Mario Polèseという都市経済学者*1が書いたCity Journal記事で解説されている表題の原則をMostly Economicsが紹介している。その五原則とは以下の通り。
- 都市の大きさと場所は繁栄の主要な決定要因である。
- それによって決定された都市の序列は時を経てもあまり変わらない。
- 都市の成長経路に大きな変動が生じる時、その原因は外部の出来事もしくは技術の変化であることがほとんどである。
- アクセスが便利で他地域との接続の良い都市は成長率が高い。
- あらゆる産業は都市にその影響を刻みつける。それは必ずしも良いものとは限らない。
- 都市の盛衰のメカニズムについては未解明な部分が多いものの、良きにつけ悪しきにつけ政策は重要。
- ニューオリンズの凋落はハリケーン・カトリーナによってもたらされたわけではなく、腐敗や縁故主義や狭量な政策によってその遥か以前に始まっていた。教育への投資を怠ったルイジアナや、統治に問題を抱えたフランスのマルセイユも同様。逆に、ミネアポリスのセントポールは地理的に不利な環境を跳ね返して成功した。

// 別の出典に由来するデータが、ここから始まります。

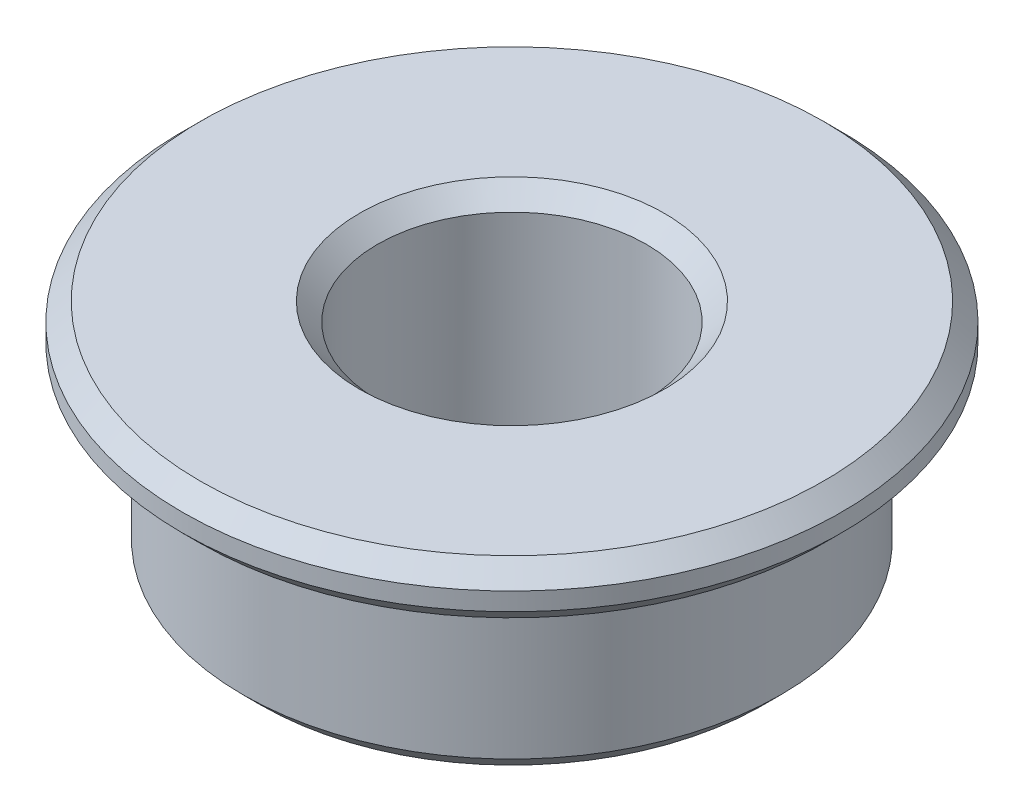
ISO-10303-21;
HEADER;
FILE_DESCRIPTION(('STEP AP214'),'2;1');
FILE_NAME('part.step','',(''),(''),'','','');
FILE_SCHEMA(('AUTOMOTIVE_DESIGN { 1 0 10303 214 1 1 1 1 }'));
ENDSEC;
DATA;
#1=APPLICATION_CONTEXT('core data for automotive mechanical design processes');
#2=APPLICATION_PROTOCOL_DEFINITION('international standard','automotive_design',2000,#1);
#3=PRODUCT_CONTEXT('',#1,'mechanical');
#4=PRODUCT('Part','Part','',(#3));
#5=PRODUCT_RELATED_PRODUCT_CATEGORY('part','',(#4));
#6=PRODUCT_DEFINITION_FORMATION('','',#4);
#7=PRODUCT_DEFINITION_CONTEXT('part definition',#1,'design');
#8=PRODUCT_DEFINITION('design','',#6,#7);
#9=PRODUCT_DEFINITION_SHAPE('','',#8);
#10=(LENGTH_UNIT() NAMED_UNIT(*) SI_UNIT(.MILLI.,.METRE.));
#11=(NAMED_UNIT(*) PLANE_ANGLE_UNIT() SI_UNIT($,.RADIAN.));
#12=(NAMED_UNIT(*) SI_UNIT($,.STERADIAN.) SOLID_ANGLE_UNIT());
#13=UNCERTAINTY_MEASURE_WITH_UNIT(LENGTH_MEASURE(1.E-05),#10,'distance_accuracy_value','');
#14=(GEOMETRIC_REPRESENTATION_CONTEXT(3) GLOBAL_UNCERTAINTY_ASSIGNED_CONTEXT((#13)) GLOBAL_UNIT_ASSIGNED_CONTEXT((#10,
#11,#12)) REPRESENTATION_CONTEXT('',''));
#15=CARTESIAN_POINT('',(0.,0.,0.));
#16=DIRECTION('',(0.,0.,1.));
#17=DIRECTION('',(1.,0.,0.));
#18=AXIS2_PLACEMENT_3D('',#15,#16,#17);
#19=CARTESIAN_POINT('',(0.,0.6,0.));
#20=DIRECTION('',(0.,1.,0.));
#21=DIRECTION('',(0.,0.,1.));
#22=AXIS2_PLACEMENT_3D('',#19,#20,#21);
#23=PLANE('',#22);
#24=CARTESIAN_POINT('',(0.,0.6,0.));
#25=DIRECTION('',(0.,1.,0.));
#26=DIRECTION('',(0.,0.,1.));
#27=AXIS2_PLACEMENT_3D('',#24,#25,#26);
#28=CIRCLE('',#27,1.7);
#29=CARTESIAN_POINT('',(0.,0.6,1.7));
#30=VERTEX_POINT('',#29);
#31=EDGE_CURVE('E48',#30,#30,#28,.F.);
#32=ORIENTED_EDGE('',*,*,#31,.T.);
#33=EDGE_LOOP('',(#32));
#34=FACE_BOUND('',#33,.T.);
#35=CARTESIAN_POINT('',(0.,0.6,0.));
#36=DIRECTION('',(0.,1.,0.));
#37=DIRECTION('',(0.,0.,1.));
#38=AXIS2_PLACEMENT_3D('',#35,#36,#37);
#39=CIRCLE('',#38,3.475);
#40=CARTESIAN_POINT('',(0.,0.6,3.475));
#41=VERTEX_POINT('',#40);
#42=EDGE_CURVE('E53',#41,#41,#39,.T.);
#43=ORIENTED_EDGE('',*,*,#42,.T.);
#44=EDGE_LOOP('',(#43));
#45=FACE_BOUND('',#44,.T.);
#46=ADVANCED_FACE('F32',(#34,#45),#23,.T.);
#47=CARTESIAN_POINT('',(0.,0.,0.));
#48=DIRECTION('',(0.,1.,0.));
#49=DIRECTION('',(0.,0.,1.));
#50=AXIS2_PLACEMENT_3D('',#47,#48,#49);
#51=PLANE('',#50);
#52=CARTESIAN_POINT('',(0.,0.,0.));
#53=DIRECTION('',(0.,1.,0.));
#54=DIRECTION('',(0.,0.,1.));
#55=AXIS2_PLACEMENT_3D('',#52,#53,#54);
#56=CIRCLE('',#55,3.475);
#57=CARTESIAN_POINT('',(0.,0.,3.475));
#58=VERTEX_POINT('',#57);
#59=EDGE_CURVE('E10',#58,#58,#56,.F.);
#60=ORIENTED_EDGE('',*,*,#59,.T.);
#61=EDGE_LOOP('',(#60));
#62=FACE_BOUND('',#61,.T.);
#63=CARTESIAN_POINT('',(0.,0.,0.));
#64=DIRECTION('',(0.,-1.,0.));
#65=DIRECTION('',(0.,0.,-1.));
#66=AXIS2_PLACEMENT_3D('',#63,#64,#65);
#67=CIRCLE('',#66,3.);
#68=CARTESIAN_POINT('',(0.,0.,3.));
#69=VERTEX_POINT('',#68);
#70=EDGE_CURVE('E71',#69,#69,#67,.T.);
#71=ORIENTED_EDGE('',*,*,#70,.F.);
#72=EDGE_LOOP('',(#71));
#73=FACE_BOUND('',#72,.T.);
#74=ADVANCED_FACE('F77',(#62,#73),#51,.F.);
#75=CARTESIAN_POINT('',(0.,0.6,0.));
#76=DIRECTION('',(0.,-1.,0.));
#77=DIRECTION('',(0.,0.,-1.));
#78=AXIS2_PLACEMENT_3D('',#75,#76,#77);
#79=CYLINDRICAL_SURFACE('',#78,3.675);
#80=CARTESIAN_POINT('',(0.,0.400000000000002,0.));
#81=DIRECTION('',(0.,1.,0.));
#82=DIRECTION('',(0.,0.,1.));
#83=AXIS2_PLACEMENT_3D('',#80,#81,#82);
#84=CIRCLE('',#83,3.675);
#85=CARTESIAN_POINT('',(0.,0.400000000000002,3.675));
#86=VERTEX_POINT('',#85);
#87=EDGE_CURVE('E40',#86,#86,#84,.F.);
#88=ORIENTED_EDGE('',*,*,#87,.T.);
#89=EDGE_LOOP('',(#88));
#90=FACE_BOUND('',#89,.T.);
#91=CARTESIAN_POINT('',(0.,0.200000000000001,0.));
#92=DIRECTION('',(0.,1.,0.));
#93=DIRECTION('',(0.,0.,1.));
#94=AXIS2_PLACEMENT_3D('',#91,#92,#93);
#95=CIRCLE('',#94,3.675);
#96=CARTESIAN_POINT('',(0.,0.200000000000001,3.675));
#97=VERTEX_POINT('',#96);
#98=EDGE_CURVE('E44',#97,#97,#95,.T.);
#99=ORIENTED_EDGE('',*,*,#98,.T.);
#100=EDGE_LOOP('',(#99));
#101=FACE_BOUND('',#100,.T.);
#102=ADVANCED_FACE('F79',(#90,#101),#79,.T.);
#103=CARTESIAN_POINT('',(0.,0.6,0.));
#104=DIRECTION('',(0.,-1.,0.));
#105=DIRECTION('',(0.,0.,-1.));
#106=AXIS2_PLACEMENT_3D('',#103,#104,#105);
#107=CYLINDRICAL_SURFACE('',#106,1.5);
#108=CARTESIAN_POINT('',(0.,-1.7,0.));
#109=DIRECTION('',(0.,-1.,0.));
#110=DIRECTION('',(0.,0.,-1.));
#111=AXIS2_PLACEMENT_3D('',#108,#109,#110);
#112=CIRCLE('',#111,1.5);
#113=CARTESIAN_POINT('',(0.,-1.7,-1.5));
#114=VERTEX_POINT('',#113);
#115=EDGE_CURVE('E65',#114,#114,#112,.T.);
#116=ORIENTED_EDGE('',*,*,#115,.T.);
#117=EDGE_LOOP('',(#116));
#118=FACE_BOUND('',#117,.T.);
#119=CARTESIAN_POINT('',(0.,0.399999999999999,0.));
#120=DIRECTION('',(0.,1.,0.));
#121=DIRECTION('',(0.,0.,1.));
#122=AXIS2_PLACEMENT_3D('',#119,#120,#121);
#123=CIRCLE('',#122,1.5);
#124=CARTESIAN_POINT('',(0.,0.399999999999999,1.5));
#125=VERTEX_POINT('',#124);
#126=EDGE_CURVE('E68',#125,#125,#123,.T.);
#127=ORIENTED_EDGE('',*,*,#126,.T.);
#128=EDGE_LOOP('',(#127));
#129=FACE_BOUND('',#128,.T.);
#130=ADVANCED_FACE('F85',(#118,#129),#107,.F.);
#131=CARTESIAN_POINT('',(0.,-1.9,0.));
#132=DIRECTION('',(0.,-1.,0.));
#133=DIRECTION('',(0.,0.,-1.));
#134=AXIS2_PLACEMENT_3D('',#131,#132,#133);
#135=PLANE('',#134);
#136=CARTESIAN_POINT('',(0.,-1.9,0.));
#137=DIRECTION('',(0.,-1.,0.));
#138=DIRECTION('',(0.,0.,-1.));
#139=AXIS2_PLACEMENT_3D('',#136,#137,#138);
#140=CIRCLE('',#139,1.7);
#141=CARTESIAN_POINT('',(0.,-1.9,-1.7));
#142=VERTEX_POINT('',#141);
#143=EDGE_CURVE('E59',#142,#142,#140,.F.);
#144=ORIENTED_EDGE('',*,*,#143,.T.);
#145=EDGE_LOOP('',(#144));
#146=FACE_BOUND('',#145,.T.);
#147=CARTESIAN_POINT('',(0.,-1.9,0.));
#148=DIRECTION('',(0.,-1.,0.));
#149=DIRECTION('',(0.,0.,-1.));
#150=AXIS2_PLACEMENT_3D('',#147,#148,#149);
#151=CIRCLE('',#150,2.80000000000001);
#152=CARTESIAN_POINT('',(0.,-1.9,2.80000000000001));
#153=VERTEX_POINT('',#152);
#154=EDGE_CURVE('E62',#153,#153,#151,.T.);
#155=ORIENTED_EDGE('',*,*,#154,.T.);
#156=EDGE_LOOP('',(#155));
#157=FACE_BOUND('',#156,.T.);
#158=ADVANCED_FACE('F160',(#146,#157),#135,.T.);
#159=CARTESIAN_POINT('',(0.,-1.9,0.));
#160=DIRECTION('',(0.,1.,0.));
#161=DIRECTION('',(0.,0.,1.));
#162=AXIS2_PLACEMENT_3D('',#159,#160,#161);
#163=CYLINDRICAL_SURFACE('',#162,3.);
#164=CARTESIAN_POINT('',(0.,-1.70000000000001,0.));
#165=DIRECTION('',(0.,-1.,0.));
#166=DIRECTION('',(0.,0.,-1.));
#167=AXIS2_PLACEMENT_3D('',#164,#165,#166);
#168=CIRCLE('',#167,3.);
#169=CARTESIAN_POINT('',(0.,-1.70000000000001,3.));
#170=VERTEX_POINT('',#169);
#171=EDGE_CURVE('E56',#170,#170,#168,.F.);
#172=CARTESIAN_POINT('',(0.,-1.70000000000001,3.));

- カナダ政府によるモントリオール・ミラベル国際空港の開港も失敗例。新空港は国際線、従来のドルバル空港は北米路線という住み分けを意図したが*2、それによってカナダにおけるハブ空港の機能がモントリオールからトロントに移ってしまった(∵ロンドンからクリーブランドに飛ぶのにミラベルからドルバルへ車を乗り継ぎたいと思う人はいない)。のみならず、それと軌を一にして金融機関や企業の本社も陸続とトロントに移転した。ミラベルは今は閉鎖されドルバル空港に路線は統合されたが、損失がもたらされたことには変わりない。
- 一発逆転を狙う政策がうまくいくこともまずない。モントリオールは1976年のオリンピック開催で経済テコ入れを図ったが、スタジアム建設で市の財政が破綻寸前になった一方、長期的成長への効果は無かった。
またPolèseは、この五原則を提示する前に、都市を論ずるに当たって留意すべき点として以下の3点を挙げている。
- 都市は経済や政治の単位ではなく、人々が集まる場所である。従って、例えばニューヨークを分析する場合は、ニューヨーク市ではなくニューヨークの都市圏を分析対象とすることになる。その際、都市圏の境界が時代と共に変化することに注意。それを忘れてしまうと、ニューヨークが1960年の1200万人から今日の2000万人まで人口が増加したという話から誤った結論を導き出すことになる。
- 都市が国や州のような経済や政治の単位ではないということは、人的資源に関して激しい競争に曝されていることを意味する。国や州を移るのに比べ、都市を移るのは容易。
この第2点の好例としてPolèseは、自らの居住するモントリオールにおける前述のミラベル国際空港の一件を挙げている。